An interesting project so far, makes a pleasant change from steam. Now have to paint the engine, have a go at some name plates, make a base and a fuel tank. Then on to the next project, any thoughts?


----------



## gunna (Jul 7, 2021)

Cant help with your questions Simon, but gee it runs nice as it is.
Ian.


----------



## danallen (Jul 7, 2021)

You don't want a spring on your one way valve. Just a small ball about 1/8" sitting vertical and gravity. Looks good.


----------



## ShopShoe (Jul 7, 2021)

That's very nice. I don't think it's too slow. It's hitting and missing very well.

Thank You for posting.

--ShopShoe


----------



## dnalot (Jul 7, 2021)

I love it. Very nicely done.

Mark T


----------



## Engine maker (Jul 7, 2021)

Nice work,

I built SN# 003and the double size one SN3003-X2. Denatured alcohol or Coleman Lantern fuel (white gas) both work fine, but with alcohol you have to lube after running so it won't get surface rust. As an added point, with Coleman you can run it in the house with almost no odor.

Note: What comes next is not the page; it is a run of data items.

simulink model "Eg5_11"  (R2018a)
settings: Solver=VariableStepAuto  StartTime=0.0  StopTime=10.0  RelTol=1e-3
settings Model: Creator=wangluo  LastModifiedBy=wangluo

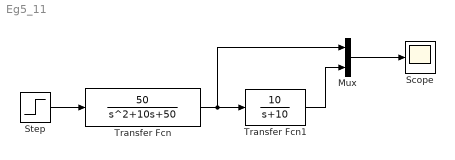
== system Eg5_11 ==
  Mux : Mux  Inputs=2
  Scope : Scope
  Step : Step  SampleTime=0
  Transfer Fcn : TransferFcn  Numerator=[50]  Denominator=[1 10 50]
  Transfer Fcn1 : TransferFcn  Numerator=[10]  Denominator=[1 10]
  wires:
  Step/1 -> Transfer Fcn/1
  Transfer Fcn/1 -> Mux/1, Transfer Fcn1/1
  Mux/1 -> Scope/1
  Transfer Fcn1/1 -> Mux/2
simulink model "V2x_blockset"  (Simulink 7.6)
settings: Solver=ode45  StartTime=0.0  StopTime=10.0  RelTol=1e-3
undefined symbols (not defined in the file or in its folder): intmax, Newton, Raphson
libraries: simulink x53
(part 3 of 3)

== system V2x_blockset/Traffic Controller/Traffic signs and  traffic lights controller/Enabled Subsystem/distance condition/If Action Subsystem1 ==
  headway time : Inport
  d2 : Inport  Port=2
  Action Port : ActionPort  PropagateVarSize=During execution
  Add : Sum
  Gain : Gain  Gain=0
  t2 : Outport
  wires:
  Add/1 -> t2/1
  headway time/1 -> Add/2
  Gain/1 -> Add/1
  d2/1 -> Gain/1

== system V2x_blockset/Traffic Controller/Traffic signs and  traffic lights controller/Enabled Subsystem/major object selection lights/If Action Subsystem ==
  cond : Inport
  messagesID : Inport  Port=2
  traffic lights priorities : Inport  Port=3
  Action Port : ActionPort  PropagateVarSize=During execution
  Reshape1 : Reshape  OutputDimensionality=Column vector (2-D)
  Reshape2 : Reshape  OutputDimensionality=Column vector (2-D)
  Reshape3 : Reshape  OutputDimensionality=Column vector (2-D)
  Selector : Selector  NumberOfDimensions=2  InputPortWidth=3  IndexOptions=Index vector (port),Index vector (dialog)  Indices=[1 3],1  OutputSizes=1,1
  Selector1 : Selector  NumberOfDimensions=2  InputPortWidth=3  IndexOptions=Index vector (port),Index vector (dialog)  Indices=[1 3],1  OutputSizes=1,1
  While Iterator Subsystem : Subsystem  TreatAsAtomicUnit=on
  Message : Outport  InitialOutput=0
  Priority : Outport  Port=2  InitialOutput=0
  wires:
  Selector1/1 -> Priority/1
  Reshape3/1 -> Selector1/1
  traffic lights priorities/1 -> Reshape3/1
  messagesID/1 -> Reshape2/1
  While Iterator Subsystem/1(idx) -> Selector1/2, Selector/2
  Reshape2/1 -> Selector/1
  Reshape1/1 -> While Iterator Subsystem/1(cond)
  Selector/1 -> Message/1
  cond/1 -> Reshape1/1

== system V2x_blockset/Traffic Controller/Traffic signs and  traffic lights controller/Enabled Subsystem/major object selection lights/If Action Subsystem1 ==
  Action Port : ActionPort  PropagateVarSize=During execution
  Constant1 : Constant  Value=0
  Constant2 : Constant  Value=0
  Message : Outport  InitialOutput=0
  Priority : Outport  Port=2  InitialOutput=0
  wires:
  Constant2/1 -> Priority/1
  Constant1/1 -> Message/1

== system V2x_blockset/Traffic Controller/Traffic signs and  traffic lights controller/Enabled Subsystem/major object selection lights/Traffic Lights Warning ==
  trafficLightPriority : Inport
  Data Type Conversion : DataTypeConversion
  Logical Operator : Logic  Operator=OR  AllPortsSameDT=off  OutDataTypeStr=boolean
  if Orange light : simulink/Logic and Bit Operations/Compare To Constant  SystemSampleTime=-1  relop===  const=2  LogicOutDataTypeMode=uint8  ZeroCross=off
  if Red light : simulink/Logic and Bit Operations/Compare To Constant  SystemSampleTime=-1  relop===  const=1  LogicOutDataTypeMode=uint8  ZeroCross=off
  Warning : Outport
  wires:
  trafficLightPriority/1 -> if Orange light/1, if Red light/1
  Data Type Conversion/1 -> Warning/1
  Logical Operator/1 -> Data Type Conversion/1
  if Red light/1 -> Logical Operator/2
  if Orange light/1 -> Logical Operator/1

== system V2x_blockset/Traffic Controller/Traffic signs and  traffic lights controller/Enabled Subsystem/major object selection signs/If Action Subsystem ==
  cond : Inport
  messagesID : Inport  Port=2
  hostVelocity : Inport  Port=3
  Action Port : ActionPort  PropagateVarSize=During execution
  Reshape1 : Reshape  OutputDimensionality=Column vector (2-D)
  Reshape2 : Reshape  OutputDimensionality=Column vector (2-D)
  Selector : Selector  NumberOfDimensions=2  InputPortWidth=3  IndexOptions=Index vector (port),Index vector (dialog)  Indices=[1 3],1  OutputSizes=1,1
  Selector1 : Selector  NumberOfDimensions=2  InputPortWidth=3  IndexOptions=Index vector (port),Index vector (dialog)  Indices=[1 3],1  OutputSizes=1,1
  Traffic signs warning : Subsystem
  While Iterator Subsystem : Subsystem  TreatAsAtomicUnit=on
  Warning : Outport
  Message : Outport  Port=2  InitialOutput=0
  wires:
  Selector1/1 -> Traffic signs warning/1(MessageID)
  Traffic signs warning/1(Warning) -> Warning/1
  hostVelocity/1 -> Traffic signs warning/2(hostVelocity)
  messagesID/1 -> Reshape2/1
  While Iterator Subsystem/1(idx) -> Selector1/2, Selector/2
  Reshape2/1 -> Selector1/1, Selector/1
  Reshape1/1 -> While Iterator Subsystem/1(cond)
  Selector/1 -> Message/1
  cond/1 -> Reshape1/1

== system V2x_blockset/Traffic Controller/Traffic signs and  traffic lights controller/Enabled Subsystem/major object selection signs/If Action Subsystem1 ==
  Action Port : ActionPort  PropagateVarSize=During execution
  Constant1 : Constant  Value=0
  Constant2 : Constant  Value=0
  Warning : Outport  InitialOutput=0
  Message : Outport  Port=2  InitialOutput=0
  wires:
  Constant2/1 -> Warning/1
  Constant1/1 -> Message/1

== system V2x_blockset/Traffic Controller/Traffic signs and  traffic lights controller/Enabled Subsystem/orientation condition/to local reference system ==
  rotZ : Inport
  dX : Inport  Port=2
  dY : Inport  Port=3
  Add : Sum
  Add1 : Sum  Inputs=+-
  Product{,1..3} (4 alike) : Product  RndMeth=Zero
  Trigonometric Function : Trigonometry
  Trigonometric Function1 : Trigonometry  Operator=cos
  dy : Outport
  dx : Outport  Port=2
  wires:
  Add1/1 -> dy/1
  Add/1 -> dx/1
  Product3/1 -> Add1/2
  Product2/1 -> Add1/1
  Product/1 -> Add/2
  Product1/1 -> Add/1
  dY/1 -> Product2/2, Product1/2
  Trigonometric Function/1 -> Product3/1, Product1/1
  dX/1 -> Product3/2, Product/2
  Trigonometric Function1/1 -> Product2/1, Product/1
  rotZ/1 -> Trigonometric Function1/1, Trigonometric Function/1

== system V2x_blockset/Traffic Controller/Traffic signs and  traffic lights controller/Enabled Subsystem/right road side condition/to local reference system ==
  rotZ : Inport
  dX : Inport  Port=2
  dY : Inport  Port=3
  Add1 : Sum  Inputs=+-
  Product2 : Product  RndMeth=Zero
  Product3 : Product  RndMeth=Zero
  Trigonometric Function : Trigonometry
  Trigonometric Function1 : Trigonometry  Operator=cos
  dy : Outport
  wires:
  rotZ/1 -> Trigonometric Function/1, Trigonometric Function1/1
  Trigonometric Function1/1 -> Product2/1
  dX/1 -> Product3/2
  Trigonometric Function/1 -> Product3/1
  dY/1 -> Product2/2
  Product2/1 -> Add1/1
  Product3/1 -> Add1/2
  Add1/1 -> dy/1

== system V2x_blockset/Traffic Controller/Intersection warning controller/Enabled Subsystem/Intersection/Closest crossing selection/GPS to XYZ difference (vectorized) ==
  hostLat : Inport
  hostLong : Inport  Port=2
  hostAlt : Inport  Port=3
  lat : Inport  Port=4
  long : Inport  Port=5
  alt : Inport  Port=6
  Add : Sum  Inputs=+-
  Add1 : Sum  Inputs=+-
  Add2 : Sum  Inputs=+-
  Add3 : Sum  Inputs=+++
  Product{,1..4} (5 alike) : Product  RndMeth=Zero
  d2r : Gain  Gain=pi/180
  d2r1 : Gain  Gain=pi/180
  mean Earth radius (latitudal) : Constant  Value=6335439.8775
  mean Earth radius (longitudal) : Constant  Value=6378137.55
  dist_sq : Outport
  wires:
  lat/1 -> Add/1
  hostLat/1 -> Add/2
  long/1 -> Add1/1
  hostLong/1 -> Add1/2
  alt/1 -> Add2/1
  hostAlt/1 -> Add2/2
  Add/1 -> d2r/1
  Add1/1 -> d2r1/1
  d2r/1 -> Product2/1
  d2r1/1 -> Product1/1
  mean Earth radius (longitudal)/1 -> Product1/2
  mean Earth radius (latitudal)/1 -> Product2/2
  Product2/1 -> Product/1, Product/2
  Product1/1 -> Product3/1, Product3/2
  Add2/1 -> Product4/2, Product4/1
  Product/1 -> Add3/1
  Product3/1 -> Add3/2
  Product4/1 -> Add3/3
  Add3/1 -> dist_sq/1

== system V2x_blockset/Traffic Controller/Intersection warning controller/Enabled Subsystem/Intersection/Closest crossing selection/If Action Subsystem ==
  min : Inport
  dist_sq : Inport  Port=2
  GPS lat1 : Inport  Port=3
  GPS long1 : Inport  Port=4
  GPS alt1 : Inport  Port=5
  Action Port : ActionPort  PropagateVarSize=During execution
  Product7 : Product  RndMeth=Zero
  Product8 : Product  RndMeth=Zero
  Product9 : Product  RndMeth=Zero
  Relational Operator3 : RelationalOperator  Operator===  OutDataTypeStr=boolean
  Sum6 : Sum  Inputs=+
  Sum7 : Sum  Inputs=+
  Sum8 : Sum  Inputs=+
  GPS lat : Outport  InitialOutput=0
  GPS long : Outport  Port=2  InitialOutput=0
  GPS alt : Outport  Port=3  InitialOutput=0
  wires:
  min/1 -> Relational Operator3/1
  dist_sq/1 -> Relational Operator3/2
  Relational Operator3/1 -> Product7/1, Product8/1, Product9/1
  GPS lat1/1 -> Product7/2
  GPS long1/1 -> Product8/2
  GPS alt1/1 -> Product9/2
  Product7/1 -> Sum6/1
  Product8/1 -> Sum7/1
  Product9/1 -> Sum8/1
  Sum6/1 -> GPS lat/1
  Sum7/1 -> GPS long/1
  Sum8/1 -> GPS alt/1

== system V2x_blockset/Traffic Controller/Intersection warning controller/Enabled Subsystem/Intersection/Closest crossing selection/If Action Subsystem1 ==
  Action Port : ActionPort  PropagateVarSize=During execution
  Constant : Constant  Value=0
  Constant1 : Constant  Value=0
  Constant2 : Constant  Value=0
  GPS lat : Outport  InitialOutput=0
  GPS long : Outport  Port=2  InitialOutput=0
  GPS alt : Outport  Port=3  InitialOutput=0
  wires:
  Constant/1 -> GPS lat/1
  Constant1/1 -> GPS long/1
  Constant2/1 -> GPS alt/1

== system V2x_blockset/Traffic Controller/Intersection warning controller/Enabled Subsystem/Intersection/Intersection collision warning controller/For Each Subsystem ==
  actorType : Inport  PortDimensions=1  Partition=on  PartitionDimension=1  PartitionWidth=1
  WM : Inport  Port=2  Partition=off
  Rcross : Inport  Port=3  Partition=off
  target range : Inport  Port=4  Partition=on  PartitionDimension=1  PartitionWidth=1
  target angle : Inport  Port=5  Partition=on  PartitionDimension=1  PartitionWidth=1
  target intention : Inport  Port=6  Partition=on  PartitionDimension=1  PartitionWidth=1
  target heading : Inport  Port=7  Partition=on  PartitionDimension=1  PartitionWidth=1
  targetVelocity : Inport  Port=8  PortDimensions=1  Partition=on  PartitionDimension=1  PartitionWidth=1
  For Each : ForEach  DisableCoverage=on  IndexMode=One-based
  If : If  NumInputs=2  IfExpression=(u1==1 | u1==2 | u1 ==3) & (u2~=0)
  If Action Subsystem : Subsystem  TreatAsAtomicUnit=on
  If Action Subsystem1 : Subsystem  TreatAsAtomicUnit=on
  Merge : Merge
  Merge1 : Merge
  Merge2 : Merge
  warning left lane : Outport  ConcatenationDimension=1
  warning straight lane : Outport  Port=2  ConcatenationDimension=1
  warning right lane : Outport  Port=3  ConcatenationDimension=1
  wires:
  actorType/1 -> If/1
  If/1 -> If Action Subsystem/Action
  If/2 -> If Action Subsystem1/Action
  WM/1 -> If Action Subsystem/1(WM)
  Rcross/1 -> If Action Subsystem/2(Rcross)
  target range/1 -> If Action Subsystem/3(target range)
  target angle/1 -> If Action Subsystem/4(target angle)
  target intention/1 -> If Action Subsystem/5(target intention)
  target heading/1 -> If Action Subsystem/6(target heading)
  If Action Subsystem/1(warning left lane) -> Merge/1
  If Action Subsystem/2(warning straight lane) -> Merge1/1
  If Action Subsystem/3(warning right lane) -> Merge2/1
  If Action Subsystem1/1(warning left lane) -> Merge/2
  If Action Subsystem1/2(warning straight lane) -> Merge1/2
  If Action Subsystem1/3(warning right lane) -> Merge2/2
  Merge/1 -> warning left lane/1
  Merge1/1 -> warning straight lane/1
  Merge2/1 -> warning right lane/1
  targetVelocity/1 -> If/2

== system V2x_blockset/Traffic Controller/Intersection warning controller/Enabled Subsystem/Intersection/Intersection collision warning controller/host intention translation ==
  host intention : Inport
  Bias : Bias  Bias=2
  Multiport Switch : MultiPortSwitch  zeroidx=off
  left_turning : Constant  Value=[0 1 1 1 1 1 0 1 1]
  right_turning : Constant  Value=[0 1 0 0 0 1 0 0 0]
  straight : Constant  Value=[0 1 1 0 0 1 1 1 1]
  WM : Outport
  wires:
  right_turning/1 -> Multiport Switch/4
  straight/1 -> Multiport Switch/3
  left_turning/1 -> Multiport Switch/2
  host intention/1 -> Bias/1
  Bias/1 -> Multiport Switch/1
  Multiport Switch/1 -> WM/1

== system V2x_blockset/Traffic Controller/Traffic signs and  traffic lights controller/Enabled Subsystem/major object selection lights/If Action Subsystem/While Iterator Subsystem ==
  cond : Inport
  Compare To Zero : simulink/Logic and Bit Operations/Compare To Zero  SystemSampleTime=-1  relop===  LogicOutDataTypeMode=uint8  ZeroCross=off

Easy one way valve is a RC fuel filter ( the aluminum ones, they unscrew) with a small ball bearing dropped inside. Just mount it vertically.

Fuel tank height may be a point to look at, may be a bit low. It can pull the fuel up but not too far. Starting both of mine, needle open about 3/4 turn, finger to choke mixer and give a good flip, remove finger. flip and off they go. 

It may be a tad slow. From listening to it your coasting about 10 revolutions between firings. It needs some breaking in and it will get to around 25 - 30.  You can look at this Coolspring engine show video 



 at the 20:15 time and see how long they will coast.  My small one does way above 60.

Jim G


----------



## rklopp (Jul 7, 2021)

Congratulations on very nice surface finish and workmanship. It seems to run great in my opinion. As for a check valve in the fuel line, on my Breisch Hired Man I just have a 1/8" ball bearing sitting on a brass seat under gravity. If I had a drawing for the valve, I'd be hard-pressed to find it now. The internal geometry is a bit like a safety valve for a 16mm narrow gauge steam engine without the spring.


----------



## simonbirt (Jul 8, 2021)

danallen said:


> You don't want a spring on your one way valve. Just a small ball about 1/8" sitting vertical and gravity. Looks good.


Thanks, I was not spotting the obvious (vertical) I had it my head that I would feed fuel from the side of the tank and therefore have a horizontal valve. Gravity is an often overlooked commodity.


Engine maker said:


> Nice work,
> 
> I built SN# 003and the double size one SN3003-X2. Denatured alcohol or Coleman Lantern fuel (white gas) both work fine, but with alcohol you have to lube after running so it won't get surface rust. As an added point, with Coleman you can run it in the house with almost no odor.
> 
> ...



Thanks Jim,

Interesting video, hit and miss engines are something of a rarity here in the UK. For me they are the missing link between steam and the modern internal combustion engine, which makes them interesting to build. 

Simon


----------



## geo (Jul 8, 2021)

Well done


----------



## JohnBDownunder (Jul 8, 2021)

To me (in my minuscule experience), it sounds about right and as has been said by Engine Maker above it will increase in revs after running in.
 I think these are a great little engine. Plan to make one some time in the not too distant future if life stops getting in the way. I thought being retired meant lots of free time - HA, not so as family takes precedence and rightly so.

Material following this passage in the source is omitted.